--- ASSIGNMENT ---
Could you copy every line in the listing below that has the word "diagram"?

--- DATA SECTION ---

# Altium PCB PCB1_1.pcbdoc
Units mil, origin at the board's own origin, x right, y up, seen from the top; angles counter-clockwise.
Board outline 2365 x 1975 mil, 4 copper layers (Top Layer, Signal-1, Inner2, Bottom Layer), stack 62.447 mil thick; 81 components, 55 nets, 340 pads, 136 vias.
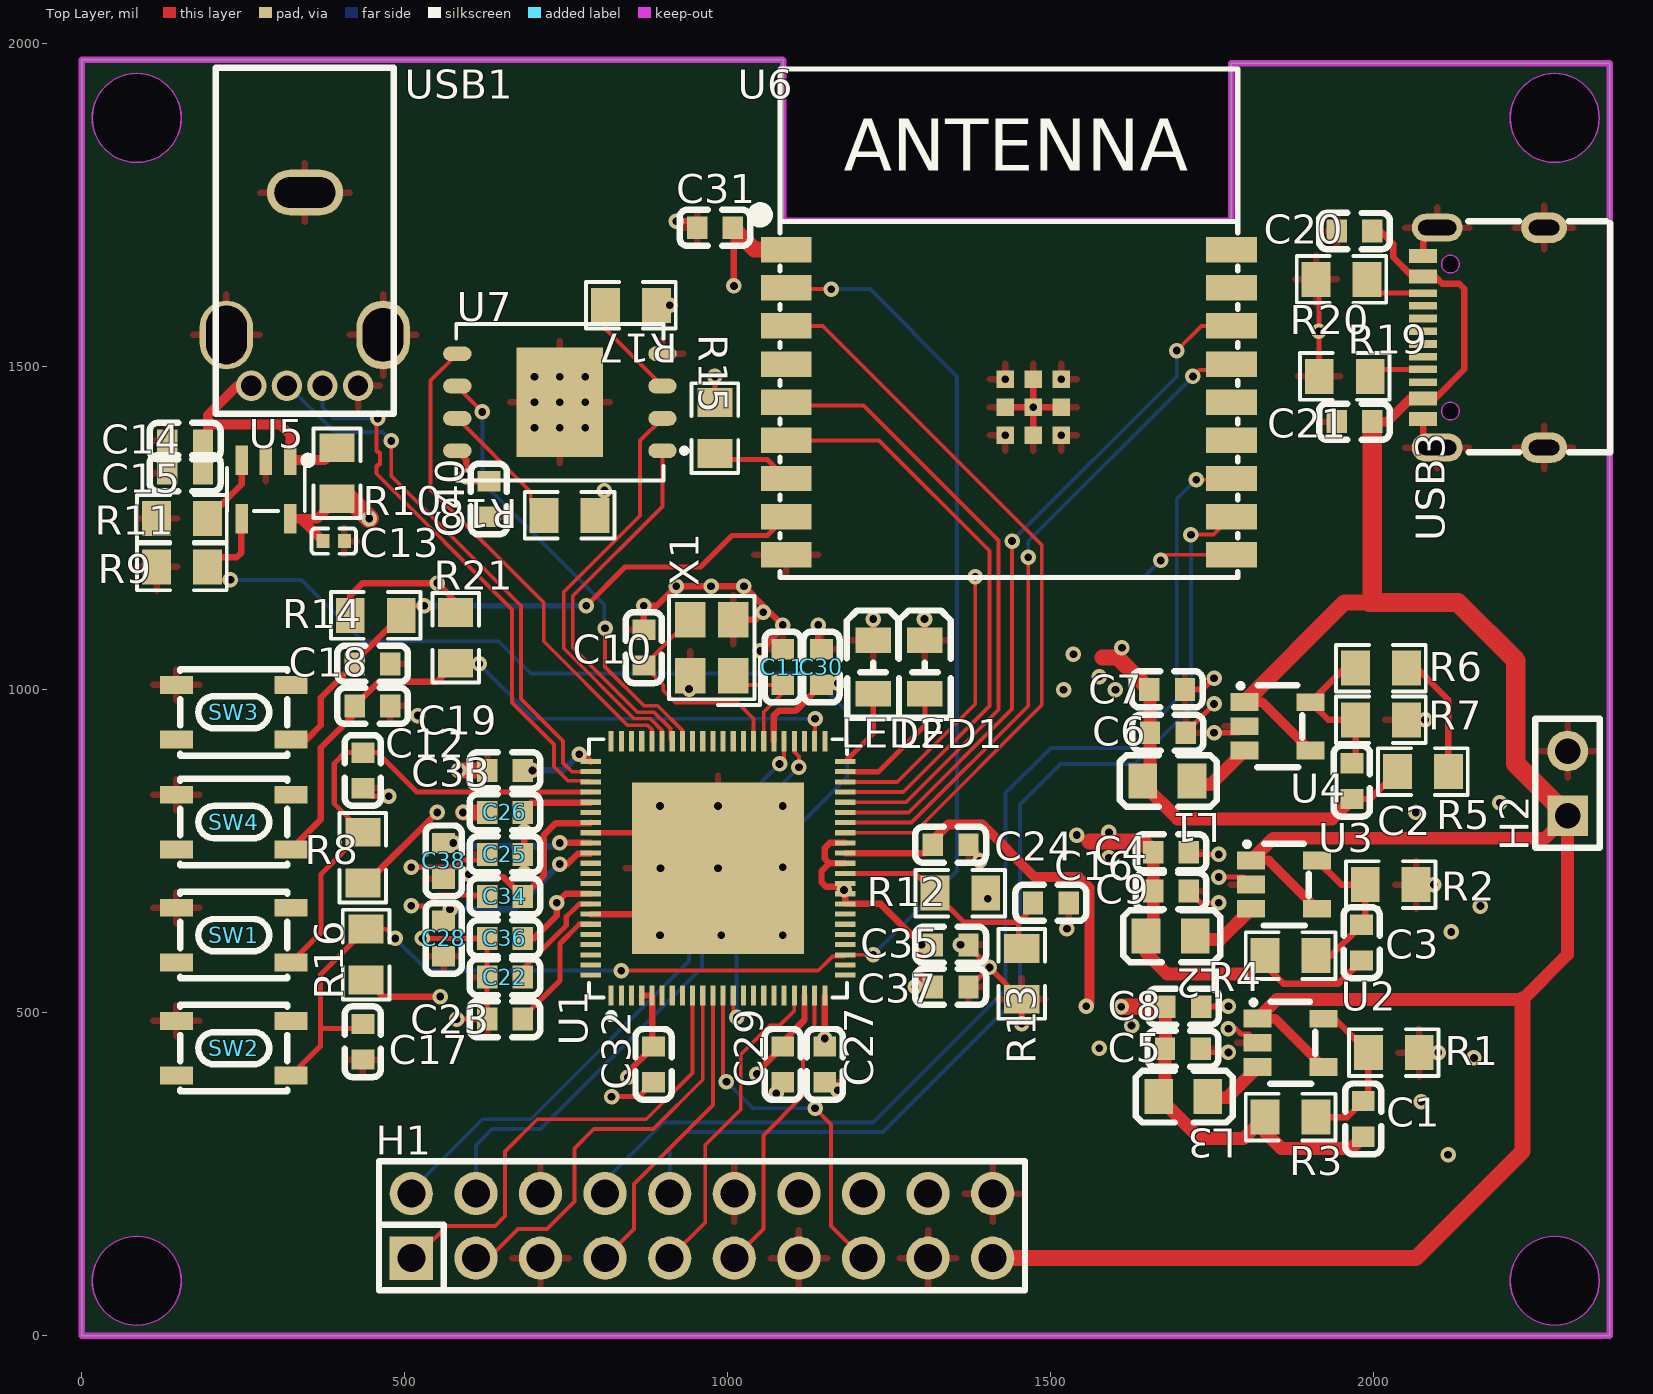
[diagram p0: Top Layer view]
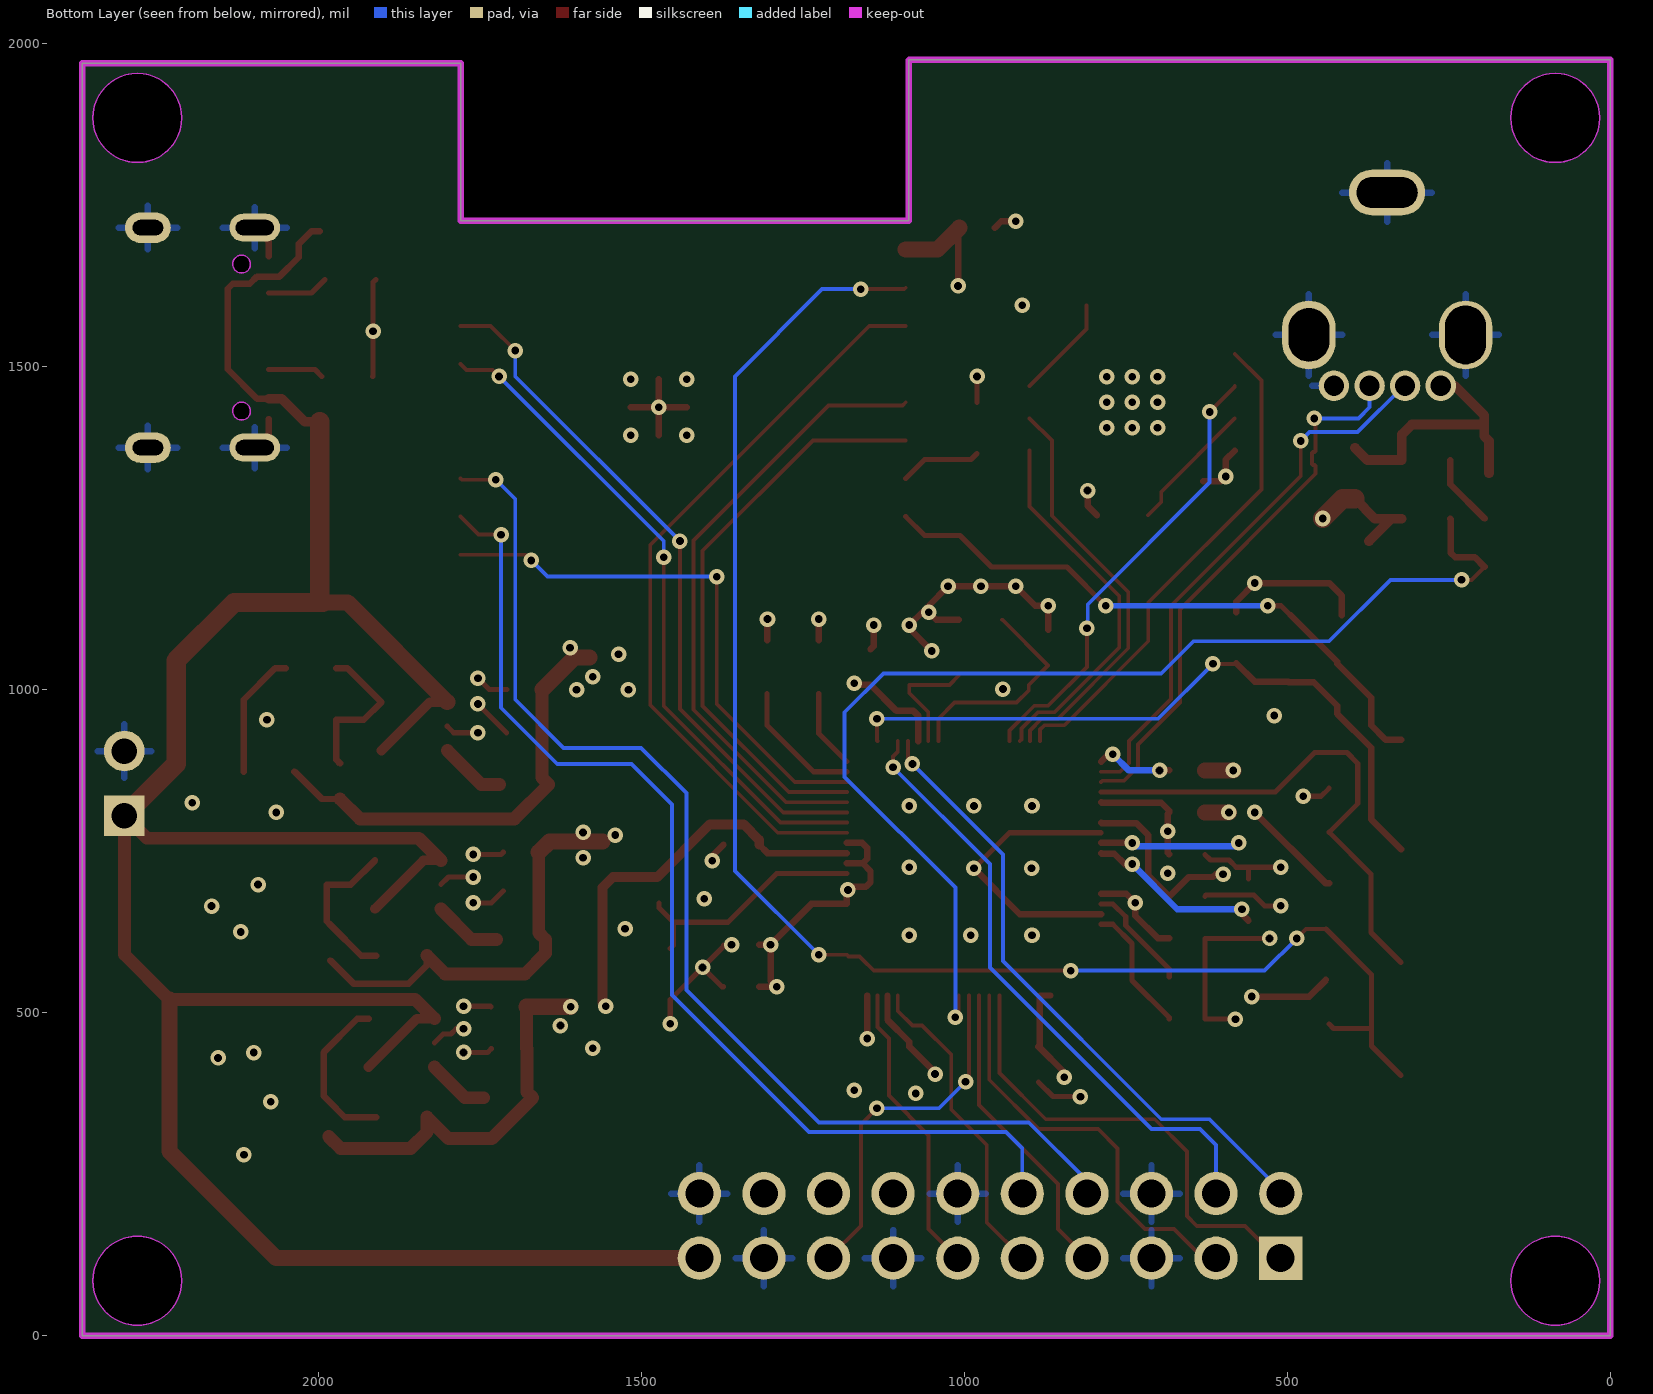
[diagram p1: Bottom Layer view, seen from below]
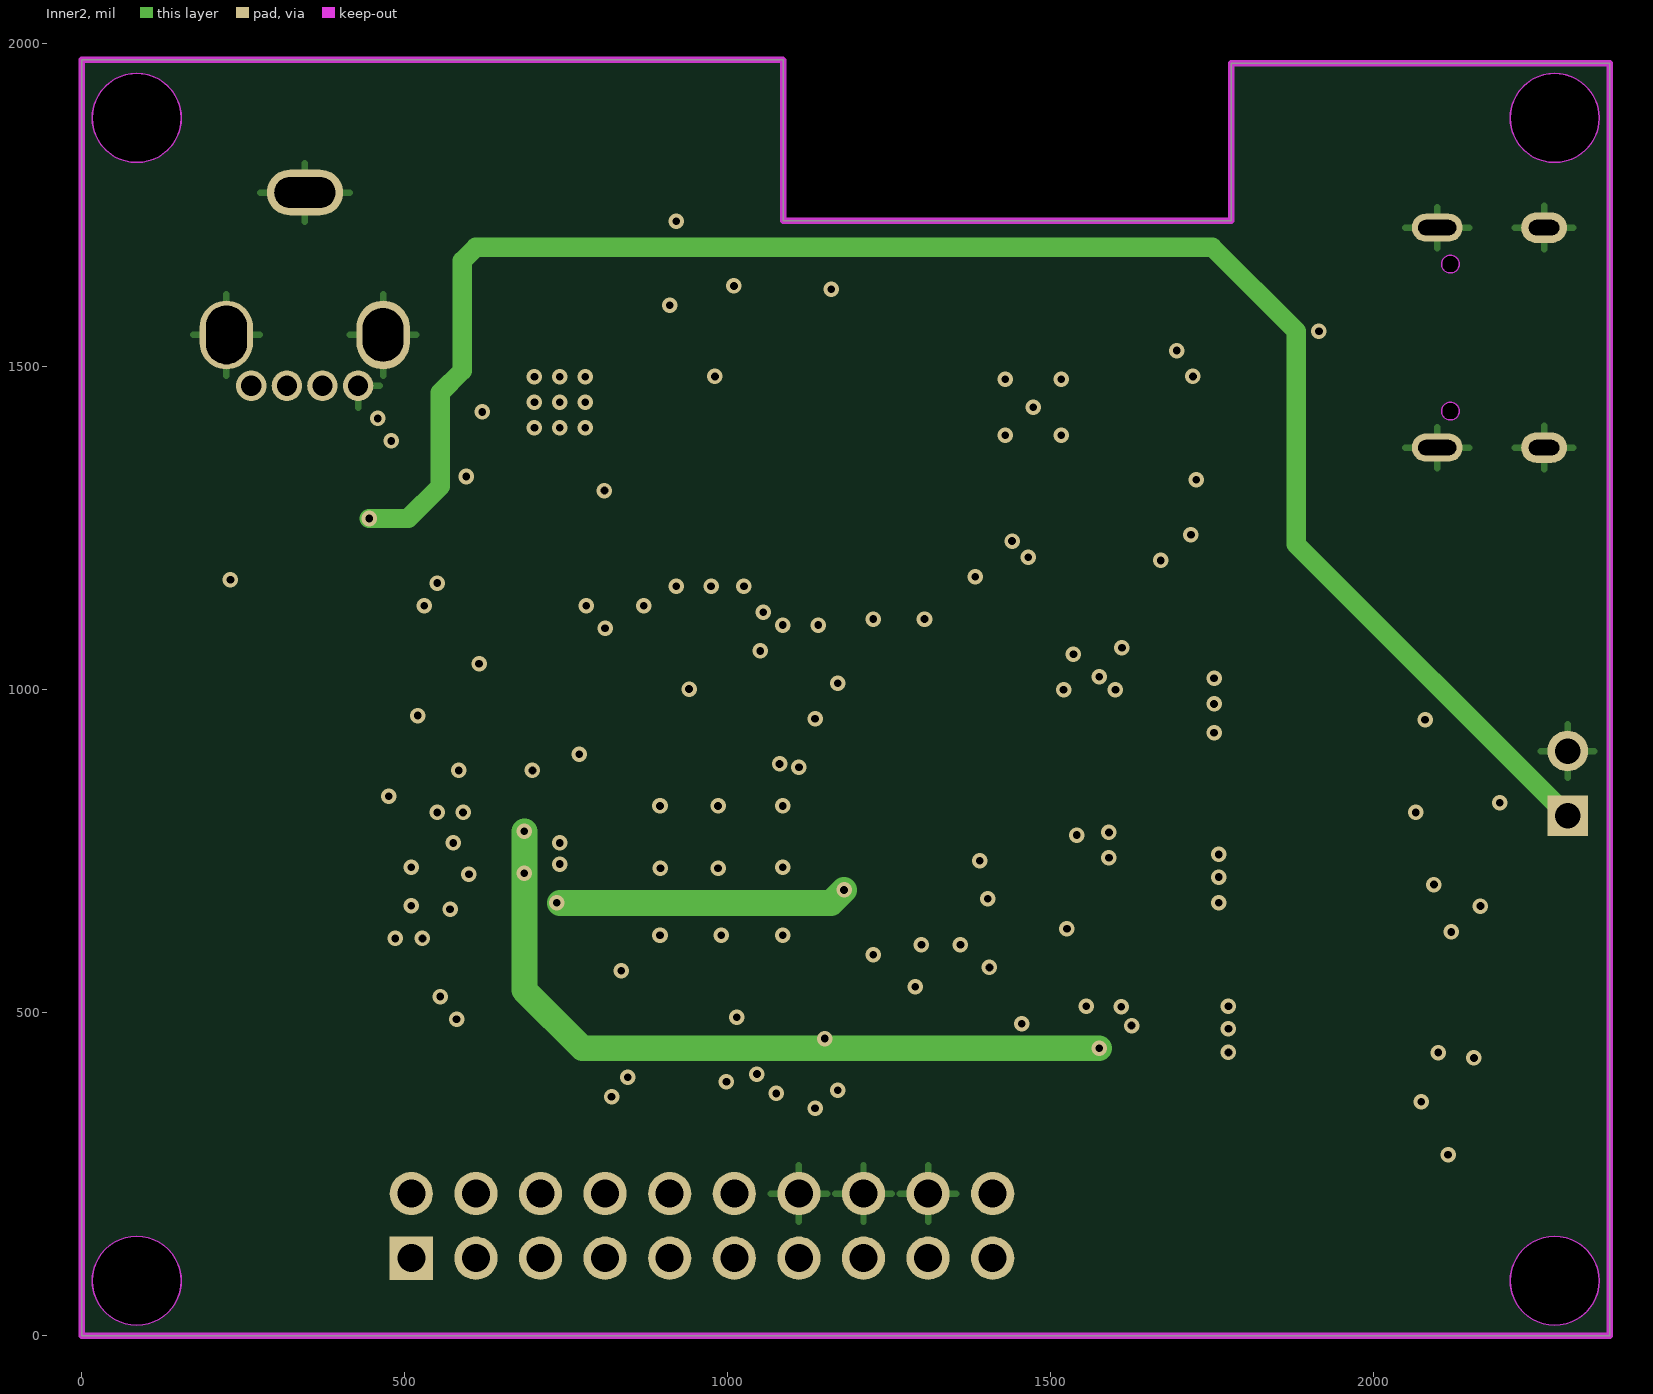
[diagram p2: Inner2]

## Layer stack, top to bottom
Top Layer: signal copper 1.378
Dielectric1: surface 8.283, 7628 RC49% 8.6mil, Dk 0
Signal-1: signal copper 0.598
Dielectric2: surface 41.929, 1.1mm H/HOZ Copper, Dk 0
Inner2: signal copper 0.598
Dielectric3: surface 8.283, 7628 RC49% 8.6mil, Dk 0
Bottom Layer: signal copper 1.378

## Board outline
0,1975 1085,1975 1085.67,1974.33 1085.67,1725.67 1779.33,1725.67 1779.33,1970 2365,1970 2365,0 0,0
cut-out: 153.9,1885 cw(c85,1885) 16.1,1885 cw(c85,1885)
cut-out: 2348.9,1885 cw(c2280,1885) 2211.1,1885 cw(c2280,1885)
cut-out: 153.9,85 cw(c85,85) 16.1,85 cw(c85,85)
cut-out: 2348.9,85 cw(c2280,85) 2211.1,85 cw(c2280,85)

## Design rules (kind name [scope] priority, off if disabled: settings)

--- RESULT FOR THIS TASK ---
[diagram p0: Top Layer view]
[diagram p1: Bottom Layer view, seen from below]
[diagram p2: Inner2]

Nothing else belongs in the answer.